Records shown:

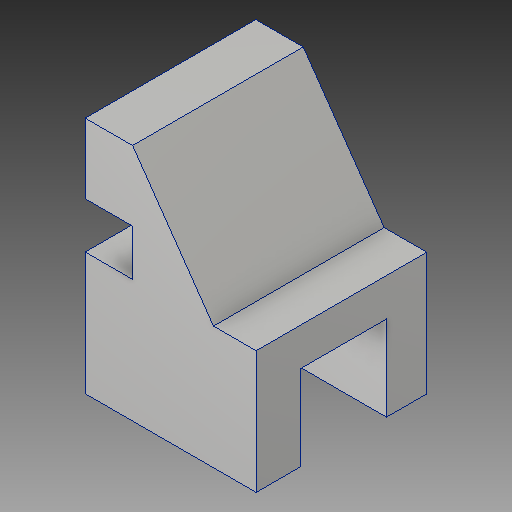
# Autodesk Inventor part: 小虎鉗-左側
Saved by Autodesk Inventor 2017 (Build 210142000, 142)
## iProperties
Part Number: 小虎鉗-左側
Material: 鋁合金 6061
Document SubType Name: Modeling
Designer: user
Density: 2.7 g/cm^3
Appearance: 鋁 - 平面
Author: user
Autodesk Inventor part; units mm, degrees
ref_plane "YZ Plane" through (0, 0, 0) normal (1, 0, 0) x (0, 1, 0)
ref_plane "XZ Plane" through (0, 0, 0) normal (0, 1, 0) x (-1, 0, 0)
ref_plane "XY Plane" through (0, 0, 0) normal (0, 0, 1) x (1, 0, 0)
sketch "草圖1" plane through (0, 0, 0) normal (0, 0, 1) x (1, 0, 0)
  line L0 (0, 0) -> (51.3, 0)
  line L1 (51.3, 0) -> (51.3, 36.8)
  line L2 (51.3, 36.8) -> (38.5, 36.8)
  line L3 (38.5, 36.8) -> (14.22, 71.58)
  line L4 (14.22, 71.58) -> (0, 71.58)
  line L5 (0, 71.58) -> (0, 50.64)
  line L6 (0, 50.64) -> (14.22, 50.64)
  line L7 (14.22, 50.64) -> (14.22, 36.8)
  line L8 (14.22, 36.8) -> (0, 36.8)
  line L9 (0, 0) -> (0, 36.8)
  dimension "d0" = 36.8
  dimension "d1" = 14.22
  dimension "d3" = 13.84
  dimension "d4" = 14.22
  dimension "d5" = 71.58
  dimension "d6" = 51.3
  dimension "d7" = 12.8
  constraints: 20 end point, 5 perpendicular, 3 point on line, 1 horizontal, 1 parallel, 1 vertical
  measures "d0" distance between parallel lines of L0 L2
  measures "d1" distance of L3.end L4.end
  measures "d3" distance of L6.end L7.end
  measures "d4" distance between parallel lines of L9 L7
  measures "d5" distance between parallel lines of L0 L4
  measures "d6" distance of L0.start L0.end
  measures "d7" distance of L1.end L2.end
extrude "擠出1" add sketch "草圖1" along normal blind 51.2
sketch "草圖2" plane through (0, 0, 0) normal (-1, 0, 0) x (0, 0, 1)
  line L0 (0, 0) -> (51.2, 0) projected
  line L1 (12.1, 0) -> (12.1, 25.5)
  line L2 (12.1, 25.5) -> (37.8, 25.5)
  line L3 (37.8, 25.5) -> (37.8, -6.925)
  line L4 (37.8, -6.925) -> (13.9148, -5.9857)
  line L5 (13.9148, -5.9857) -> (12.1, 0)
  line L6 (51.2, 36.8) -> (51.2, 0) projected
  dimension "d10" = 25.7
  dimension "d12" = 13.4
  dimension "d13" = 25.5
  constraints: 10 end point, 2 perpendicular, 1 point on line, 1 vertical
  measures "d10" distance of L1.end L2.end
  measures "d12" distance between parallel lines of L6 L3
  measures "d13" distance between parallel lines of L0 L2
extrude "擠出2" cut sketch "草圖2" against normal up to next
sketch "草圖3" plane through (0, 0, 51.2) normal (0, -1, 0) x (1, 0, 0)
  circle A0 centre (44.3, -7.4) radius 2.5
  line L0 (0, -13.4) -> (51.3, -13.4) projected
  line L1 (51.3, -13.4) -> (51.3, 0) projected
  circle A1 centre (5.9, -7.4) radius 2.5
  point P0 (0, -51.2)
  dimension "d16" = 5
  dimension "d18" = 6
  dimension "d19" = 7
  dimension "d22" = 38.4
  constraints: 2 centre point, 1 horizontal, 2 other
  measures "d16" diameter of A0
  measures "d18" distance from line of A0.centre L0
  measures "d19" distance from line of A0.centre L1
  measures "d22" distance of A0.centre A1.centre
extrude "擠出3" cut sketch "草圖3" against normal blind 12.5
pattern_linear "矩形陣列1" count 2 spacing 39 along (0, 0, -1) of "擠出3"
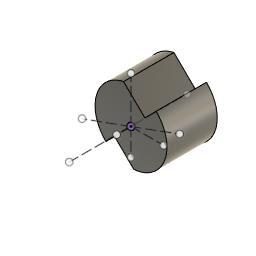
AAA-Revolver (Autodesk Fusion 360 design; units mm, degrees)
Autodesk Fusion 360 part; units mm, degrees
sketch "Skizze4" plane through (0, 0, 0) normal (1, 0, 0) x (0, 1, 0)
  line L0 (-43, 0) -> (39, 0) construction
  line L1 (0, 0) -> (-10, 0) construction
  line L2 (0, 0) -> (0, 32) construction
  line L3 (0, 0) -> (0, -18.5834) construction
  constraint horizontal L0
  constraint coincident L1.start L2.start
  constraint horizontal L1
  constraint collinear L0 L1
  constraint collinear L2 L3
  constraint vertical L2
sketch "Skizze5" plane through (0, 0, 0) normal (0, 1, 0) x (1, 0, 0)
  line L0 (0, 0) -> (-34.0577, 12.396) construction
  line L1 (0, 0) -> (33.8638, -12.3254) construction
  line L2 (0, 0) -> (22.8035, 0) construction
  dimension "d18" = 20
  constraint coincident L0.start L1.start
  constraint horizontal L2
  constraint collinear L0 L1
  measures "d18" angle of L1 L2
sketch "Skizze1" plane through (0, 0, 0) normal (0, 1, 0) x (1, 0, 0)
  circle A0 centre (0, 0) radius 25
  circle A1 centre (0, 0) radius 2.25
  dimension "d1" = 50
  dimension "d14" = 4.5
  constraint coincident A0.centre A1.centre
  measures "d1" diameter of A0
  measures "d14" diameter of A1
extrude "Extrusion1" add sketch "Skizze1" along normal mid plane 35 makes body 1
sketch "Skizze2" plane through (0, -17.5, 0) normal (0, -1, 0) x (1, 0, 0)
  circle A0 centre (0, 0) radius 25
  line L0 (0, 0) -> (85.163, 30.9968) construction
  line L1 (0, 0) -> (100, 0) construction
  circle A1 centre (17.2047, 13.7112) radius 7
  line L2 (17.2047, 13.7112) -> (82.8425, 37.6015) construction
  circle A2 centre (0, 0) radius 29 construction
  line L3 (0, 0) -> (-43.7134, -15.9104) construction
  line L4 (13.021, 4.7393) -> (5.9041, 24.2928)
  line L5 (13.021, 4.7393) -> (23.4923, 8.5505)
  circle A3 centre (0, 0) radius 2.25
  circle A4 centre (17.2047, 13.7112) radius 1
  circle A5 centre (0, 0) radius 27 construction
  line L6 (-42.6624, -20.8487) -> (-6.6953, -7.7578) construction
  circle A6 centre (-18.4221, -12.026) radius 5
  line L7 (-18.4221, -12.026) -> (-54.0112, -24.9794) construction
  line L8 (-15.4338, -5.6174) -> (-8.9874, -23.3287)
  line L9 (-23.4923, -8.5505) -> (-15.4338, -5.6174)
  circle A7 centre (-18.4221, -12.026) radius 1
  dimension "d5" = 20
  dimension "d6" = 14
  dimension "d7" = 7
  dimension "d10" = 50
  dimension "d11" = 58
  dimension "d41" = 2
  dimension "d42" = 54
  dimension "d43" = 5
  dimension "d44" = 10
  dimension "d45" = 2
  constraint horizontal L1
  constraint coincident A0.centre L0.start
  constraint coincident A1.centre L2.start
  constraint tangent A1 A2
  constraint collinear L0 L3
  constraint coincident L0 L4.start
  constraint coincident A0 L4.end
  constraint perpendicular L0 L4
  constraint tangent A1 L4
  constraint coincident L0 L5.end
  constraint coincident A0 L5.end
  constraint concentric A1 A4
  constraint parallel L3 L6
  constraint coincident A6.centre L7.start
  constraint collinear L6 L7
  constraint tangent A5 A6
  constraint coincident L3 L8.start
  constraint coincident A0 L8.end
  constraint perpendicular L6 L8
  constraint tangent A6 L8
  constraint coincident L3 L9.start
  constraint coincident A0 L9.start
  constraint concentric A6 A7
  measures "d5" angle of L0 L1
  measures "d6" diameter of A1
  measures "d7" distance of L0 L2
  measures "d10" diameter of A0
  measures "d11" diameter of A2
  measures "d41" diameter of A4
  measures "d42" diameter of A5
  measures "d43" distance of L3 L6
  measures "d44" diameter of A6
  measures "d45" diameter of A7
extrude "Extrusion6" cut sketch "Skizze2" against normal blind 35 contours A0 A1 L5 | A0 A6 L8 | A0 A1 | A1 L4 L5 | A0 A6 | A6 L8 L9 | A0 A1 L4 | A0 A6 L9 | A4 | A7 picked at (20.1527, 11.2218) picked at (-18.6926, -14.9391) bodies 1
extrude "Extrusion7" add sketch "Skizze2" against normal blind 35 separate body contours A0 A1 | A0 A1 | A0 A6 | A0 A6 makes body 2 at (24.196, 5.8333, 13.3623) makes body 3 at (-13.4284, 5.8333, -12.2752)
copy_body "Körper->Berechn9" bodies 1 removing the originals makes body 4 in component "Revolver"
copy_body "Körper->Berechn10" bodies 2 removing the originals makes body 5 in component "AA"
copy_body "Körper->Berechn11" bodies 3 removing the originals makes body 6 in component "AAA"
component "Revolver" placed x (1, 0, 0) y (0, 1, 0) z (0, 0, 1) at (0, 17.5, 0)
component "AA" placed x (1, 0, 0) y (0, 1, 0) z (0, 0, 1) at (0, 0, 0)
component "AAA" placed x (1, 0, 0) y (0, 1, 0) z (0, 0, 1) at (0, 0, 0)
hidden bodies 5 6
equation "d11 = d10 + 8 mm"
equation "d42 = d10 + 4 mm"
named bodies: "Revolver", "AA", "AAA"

Exercise details: Word for word, restate the lines above from the line containing "constraint coincident A0 L5.end" through the line containing "diameter of A7", with both included and nothing else.

Your response:
  constraint coincident A0 L5.end
  constraint concentric A1 A4
  constraint parallel L3 L6
  constraint coincident A6.centre L7.start
  constraint collinear L6 L7
  constraint tangent A5 A6
  constraint coincident L3 L8.start
  constraint coincident A0 L8.end
  constraint perpendicular L6 L8
  constraint tangent A6 L8
  constraint coincident L3 L9.start
  constraint coincident A0 L9.start
  constraint concentric A6 A7
  measures "d5" angle of L0 L1
  measures "d6" diameter of A1
  measures "d7" distance of L0 L2
  measures "d10" diameter of A0
  measures "d11" diameter of A2
  measures "d41" diameter of A4
  measures "d42" diameter of A5
  measures "d43" distance of L3 L6
  measures "d44" diameter of A6
  measures "d45" diameter of A7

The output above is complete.